They were pretty poorly judged comments from him, but also consider that white people have a massively varying range of social experience with black people. I have known and I'm sure you know white people who have grown up so utterly part of black communities, usually as mathematical minorities in their own neighbourhoods, that using the term "nigga" is complete natural to them and to their friends and of no consequence, and they are completely comfortable and natural sounding doing so. Most of us, regardless of our level of wokeness and of our heart and our intellectual commitment to equality, couldn't possibly hope to sound anything other than horribly awkward and ill judged at best if we were to do the same.

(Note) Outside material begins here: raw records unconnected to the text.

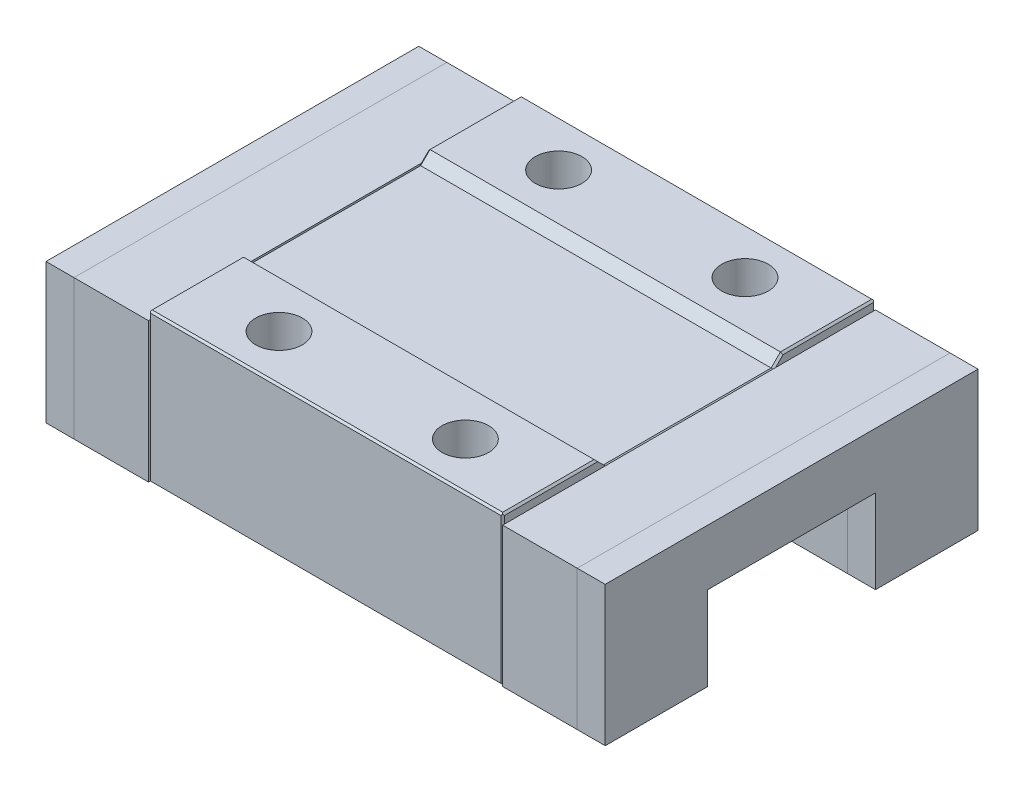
ISO-10303-21;
HEADER;
FILE_DESCRIPTION(('STEP AP214'),'2;1');
FILE_NAME('part.step','',(''),(''),'','','');
FILE_SCHEMA(('AUTOMOTIVE_DESIGN { 1 0 10303 214 1 1 1 1 }'));
ENDSEC;
DATA;
#1=APPLICATION_CONTEXT('core data for automotive mechanical design processes');
#2=APPLICATION_PROTOCOL_DEFINITION('international standard','automotive_design',2000,#1);
#3=PRODUCT_CONTEXT('',#1,'mechanical');
#4=PRODUCT('Part','Part','',(#3));
#5=PRODUCT_RELATED_PRODUCT_CATEGORY('part','',(#4));
#6=PRODUCT_DEFINITION_FORMATION('','',#4);
#7=PRODUCT_DEFINITION_CONTEXT('part definition',#1,'design');
#8=PRODUCT_DEFINITION('design','',#6,#7);
#9=PRODUCT_DEFINITION_SHAPE('','',#8);
#10=(LENGTH_UNIT() NAMED_UNIT(*) SI_UNIT(.MILLI.,.METRE.));
#11=(NAMED_UNIT(*) PLANE_ANGLE_UNIT() SI_UNIT($,.RADIAN.));
#12=(NAMED_UNIT(*) SI_UNIT($,.STERADIAN.) SOLID_ANGLE_UNIT());
#13=UNCERTAINTY_MEASURE_WITH_UNIT(LENGTH_MEASURE(1.E-05),#10,'distance_accuracy_value','');
#14=(GEOMETRIC_REPRESENTATION_CONTEXT(3) GLOBAL_UNCERTAINTY_ASSIGNED_CONTEXT((#13)) GLOBAL_UNIT_ASSIGNED_CONTEXT((#10,
#11,#12)) REPRESENTATION_CONTEXT('',''));
#15=CARTESIAN_POINT('',(0.,0.,0.));
#16=DIRECTION('',(0.,0.,1.));
#17=DIRECTION('',(1.,0.,0.));
#18=AXIS2_PLACEMENT_3D('',#15,#16,#17);
#19=CARTESIAN_POINT('',(-24.5,-4.,4.5));
#20=DIRECTION('',(0.,1.,0.));
#21=DIRECTION('',(0.,0.,1.));
#22=AXIS2_PLACEMENT_3D('',#19,#20,#21);
#23=PLANE('',#22);
#24=DIRECTION('',(0.,0.,1.));
#25=VECTOR('',#24,1.);
#26=CARTESIAN_POINT('',(-23.,-4.,4.5));
#27=LINE('',#26,#25);
#28=CARTESIAN_POINT('',(-23.,-4.,4.5));
#29=VERTEX_POINT('',#28);
#30=CARTESIAN_POINT('',(-23.,-4.,10.));
#31=VERTEX_POINT('',#30);
#32=EDGE_CURVE('E153',#29,#31,#27,.T.);
#33=ORIENTED_EDGE('',*,*,#32,.T.);
#34=DIRECTION('',(1.,0.,0.));
#35=VECTOR('',#34,1.);
#36=CARTESIAN_POINT('',(-24.5,-4.,10.));
#37=LINE('',#36,#35);
#38=CARTESIAN_POINT('',(-24.5,-4.,10.));
#39=VERTEX_POINT('',#38);
#40=EDGE_CURVE('E13',#39,#31,#37,.T.);
#41=ORIENTED_EDGE('',*,*,#40,.F.);
#42=DIRECTION('',(0.,0.,1.));
#43=VECTOR('',#42,1.);
#44=CARTESIAN_POINT('',(-24.5,-4.,4.5));
#45=LINE('',#44,#43);
#46=CARTESIAN_POINT('',(-24.5,-4.,4.5));
#47=VERTEX_POINT('',#46);
#48=EDGE_CURVE('E167',#47,#39,#45,.T.);
#49=ORIENTED_EDGE('',*,*,#48,.F.);
#50=DIRECTION('',(1.,0.,0.));
#51=VECTOR('',#50,1.);
#52=CARTESIAN_POINT('',(-24.5,-4.,4.5));
#53=LINE('',#52,#51);
#54=EDGE_CURVE('E149',#47,#29,#53,.T.);
#55=ORIENTED_EDGE('',*,*,#54,.T.);
#56=EDGE_LOOP('',(#33,#41,#49,#55));
#57=FACE_BOUND('',#56,.T.);
#58=ADVANCED_FACE('F57',(#57),#23,.F.);
#59=CARTESIAN_POINT('',(-24.5,-4.,10.));
#60=DIRECTION('',(0.,0.,-1.));
#61=DIRECTION('',(0.,1.,0.));
#62=AXIS2_PLACEMENT_3D('',#59,#60,#61);
#63=PLANE('',#62);
#64=DIRECTION('',(0.,1.,0.));
#65=VECTOR('',#64,1.);
#66=CARTESIAN_POINT('',(-23.,-4.,10.));
#67=LINE('',#66,#65);
#68=CARTESIAN_POINT('',(-23.,3.5,10.));
#69=VERTEX_POINT('',#68);
#70=EDGE_CURVE('E156',#31,#69,#67,.T.);
#71=ORIENTED_EDGE('',*,*,#70,.T.);
#72=DIRECTION('',(1.,0.,0.));
#73=VECTOR('',#72,1.);
#74=CARTESIAN_POINT('',(-24.5,3.5,10.));
#75=LINE('',#74,#73);
#76=CARTESIAN_POINT('',(-24.5,3.5,10.));
#77=VERTEX_POINT('',#76);
#78=EDGE_CURVE('E65',#77,#69,#75,.T.);
#79=ORIENTED_EDGE('',*,*,#78,.F.);
#80=DIRECTION('',(0.,1.,0.));
#81=VECTOR('',#80,1.);
#82=CARTESIAN_POINT('',(-24.5,-4.,10.));
#83=LINE('',#82,#81);
#84=EDGE_CURVE('E116',#39,#77,#83,.T.);
#85=ORIENTED_EDGE('',*,*,#84,.F.);
#86=ORIENTED_EDGE('',*,*,#40,.T.);
#87=EDGE_LOOP('',(#71,#79,#85,#86));
#88=FACE_BOUND('',#87,.T.);
#89=ADVANCED_FACE('F202',(#88),#63,.F.);
#90=CARTESIAN_POINT('',(-24.5,3.5,10.));
#91=DIRECTION('',(0.,-1.,0.));
#92=DIRECTION('',(0.,0.,-1.));
#93=AXIS2_PLACEMENT_3D('',#90,#91,#92);
#94=PLANE('',#93);
#95=DIRECTION('',(0.,0.,-1.));
#96=VECTOR('',#95,1.);
#97=CARTESIAN_POINT('',(-23.,3.5,10.));
#98=LINE('',#97,#96);
#99=CARTESIAN_POINT('',(-23.,3.5,-10.));
#100=VERTEX_POINT('',#99);
#101=EDGE_CURVE('E158',#69,#100,#98,.T.);
#102=ORIENTED_EDGE('',*,*,#101,.T.);
#103=DIRECTION('',(1.,0.,0.));
#104=VECTOR('',#103,1.);
#105=CARTESIAN_POINT('',(-24.5,3.5,-10.));
#106=LINE('',#105,#104);
#107=CARTESIAN_POINT('',(-24.5,3.5,-10.));
#108=VERTEX_POINT('',#107);
#109=EDGE_CURVE('E174',#108,#100,#106,.T.);
#110=ORIENTED_EDGE('',*,*,#109,.F.);
#111=DIRECTION('',(0.,0.,-1.));
#112=VECTOR('',#111,1.);
#113=CARTESIAN_POINT('',(-24.5,3.5,10.));
#114=LINE('',#113,#112);
#115=EDGE_CURVE('E182',#77,#108,#114,.T.);
#116=ORIENTED_EDGE('',*,*,#115,.F.);
#117=ORIENTED_EDGE('',*,*,#78,.T.);
#118=EDGE_LOOP('',(#102,#110,#116,#117));
#119=FACE_BOUND('',#118,.T.);
#120=ADVANCED_FACE('F180',(#119),#94,.F.);
#121=CARTESIAN_POINT('',(-24.5,3.5,-10.));
#122=DIRECTION('',(0.,0.,1.));
#123=DIRECTION('',(1.,0.,0.));
#124=AXIS2_PLACEMENT_3D('',#121,#122,#123);
#125=PLANE('',#124);
#126=DIRECTION('',(0.,-1.,0.));
#127=VECTOR('',#126,1.);
#128=CARTESIAN_POINT('',(-23.,3.5,-10.));
#129=LINE('',#128,#127);
#130=CARTESIAN_POINT('',(-23.,-4.,-10.));
#131=VERTEX_POINT('',#130);
#132=EDGE_CURVE('E160',#100,#131,#129,.T.);
#133=ORIENTED_EDGE('',*,*,#132,.T.);
#134=DIRECTION('',(1.,0.,0.));
#135=VECTOR('',#134,1.);
#136=CARTESIAN_POINT('',(-24.5,-4.,-10.));
#137=LINE('',#136,#135);
#138=CARTESIAN_POINT('',(-24.5,-4.,-10.));
#139=VERTEX_POINT('',#138);
#140=EDGE_CURVE('E171',#139,#131,#137,.T.);
#141=ORIENTED_EDGE('',*,*,#140,.F.);
#142=DIRECTION('',(0.,-1.,0.));
#143=VECTOR('',#142,1.);
#144=CARTESIAN_POINT('',(-24.5,3.5,-10.));
#145=LINE('',#144,#143);
#146=EDGE_CURVE('E194',#108,#139,#145,.T.);
#147=ORIENTED_EDGE('',*,*,#146,.F.);
#148=ORIENTED_EDGE('',*,*,#109,.T.);
#149=EDGE_LOOP('',(#133,#141,#147,#148));
#150=FACE_BOUND('',#149,.T.);
#151=ADVANCED_FACE('F190',(#150),#125,.F.);
#152=CARTESIAN_POINT('',(-24.5,-4.,-10.));
#153=DIRECTION('',(0.,1.,0.));
#154=DIRECTION('',(0.,0.,1.));
#155=AXIS2_PLACEMENT_3D('',#152,#153,#154);
#156=PLANE('',#155);
#157=DIRECTION('',(0.,0.,1.));
#158=VECTOR('',#157,1.);
#159=CARTESIAN_POINT('',(-23.,-4.,-10.));
#160=LINE('',#159,#158);
#161=CARTESIAN_POINT('',(-23.,-4.,-4.5));
#162=VERTEX_POINT('',#161);
#163=EDGE_CURVE('E162',#131,#162,#160,.T.);
#164=ORIENTED_EDGE('',*,*,#163,.T.);
#165=DIRECTION('',(1.,0.,0.));
#166=VECTOR('',#165,1.);
#167=CARTESIAN_POINT('',(-24.5,-4.,-4.5));
#168=LINE('',#167,#166);
#169=CARTESIAN_POINT('',(-24.5,-4.,-4.5));
#170=VERTEX_POINT('',#169);
#171=EDGE_CURVE('E144',#170,#162,#168,.T.);
#172=ORIENTED_EDGE('',*,*,#171,.F.);
#173=DIRECTION('',(0.,0.,1.));
#174=VECTOR('',#173,1.);
#175=CARTESIAN_POINT('',(-24.5,-4.,-10.));
#176=LINE('',#175,#174);
#177=EDGE_CURVE('E135',#139,#170,#176,.T.);
#178=ORIENTED_EDGE('',*,*,#177,.F.);
#179=ORIENTED_EDGE('',*,*,#140,.T.);
#180=EDGE_LOOP('',(#164,#172,#178,#179));
#181=FACE_BOUND('',#180,.T.);
#182=ADVANCED_FACE('F193',(#181),#156,.F.);
#183=CARTESIAN_POINT('',(-24.5,-4.,-4.5));
#184=DIRECTION('',(0.,0.,-1.));
#185=DIRECTION('',(-1.,0.,0.));
#186=AXIS2_PLACEMENT_3D('',#183,#184,#185);
#187=PLANE('',#186);
#188=DIRECTION('',(0.,1.,0.));
#189=VECTOR('',#188,1.);
#190=CARTESIAN_POINT('',(-23.,-4.,-4.5));
#191=LINE('',#190,#189);
#192=CARTESIAN_POINT('',(-23.,0.499999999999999,-4.5));
#193=VERTEX_POINT('',#192);
#194=EDGE_CURVE('E143',#162,#193,#191,.T.);
#195=ORIENTED_EDGE('',*,*,#194,.T.);
#196=DIRECTION('',(1.,0.,0.));
#197=VECTOR('',#196,1.);
#198=CARTESIAN_POINT('',(-24.5,0.499999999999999,-4.5));
#199=LINE('',#198,#197);
#200=CARTESIAN_POINT('',(-24.5,0.499999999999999,-4.5));
#201=VERTEX_POINT('',#200);
#202=EDGE_CURVE('E140',#201,#193,#199,.T.);
#203=ORIENTED_EDGE('',*,*,#202,.F.);
#204=DIRECTION('',(0.,1.,0.));
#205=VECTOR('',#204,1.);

I don't know enough about Biden's upbringing and history to know where he sits on that particular scale, but I do know that he is a career politician who pretty much on the left side of the tracks as a result of his objection to local Republican racial politics and then went on to serve the first black President in history. It doesn't seem like a huge leap of faith to think that Biden is incredibly comfortable around black people and isn't someone who is uncomfortable talking about colour and race.

Where the exact tipping point between upbringing-based cultural diffusion and the suburban 'wigger quotient' lies may be too nuanced a call for me but to leave it there would be a copout so here goes:  whatever Biden's comfort level around African Americans is (and recall that I  mentioned 'not doubting for a second' the sincerity of his 'presidential-like' commentary on Monday ), imho that still doesn't excuse his sloppy presumptuousness given that his upbringing hardly suggests hood/street cred, i.e. the white-in-a-black-hood minority status you described earlier.  In addition, you'd think that a Senator-turned-Vice-President who obviously knows how to work a room would have enough life seasoning let alone the political chops to not even go there, and with a sense of expectation no less.  Me, I don't think Biden's a bad dude, hardly.  Frankly, I think his background suggests he's got a lazy streak in him and he's gotten by in part via his twinkly-eyed Irish charm, i.e. the classic "kissing babies" campaigner type...someone who sells it but who leaves the heavy lifting to others.   regards and my best to your handsome, whisky-coveting dawg.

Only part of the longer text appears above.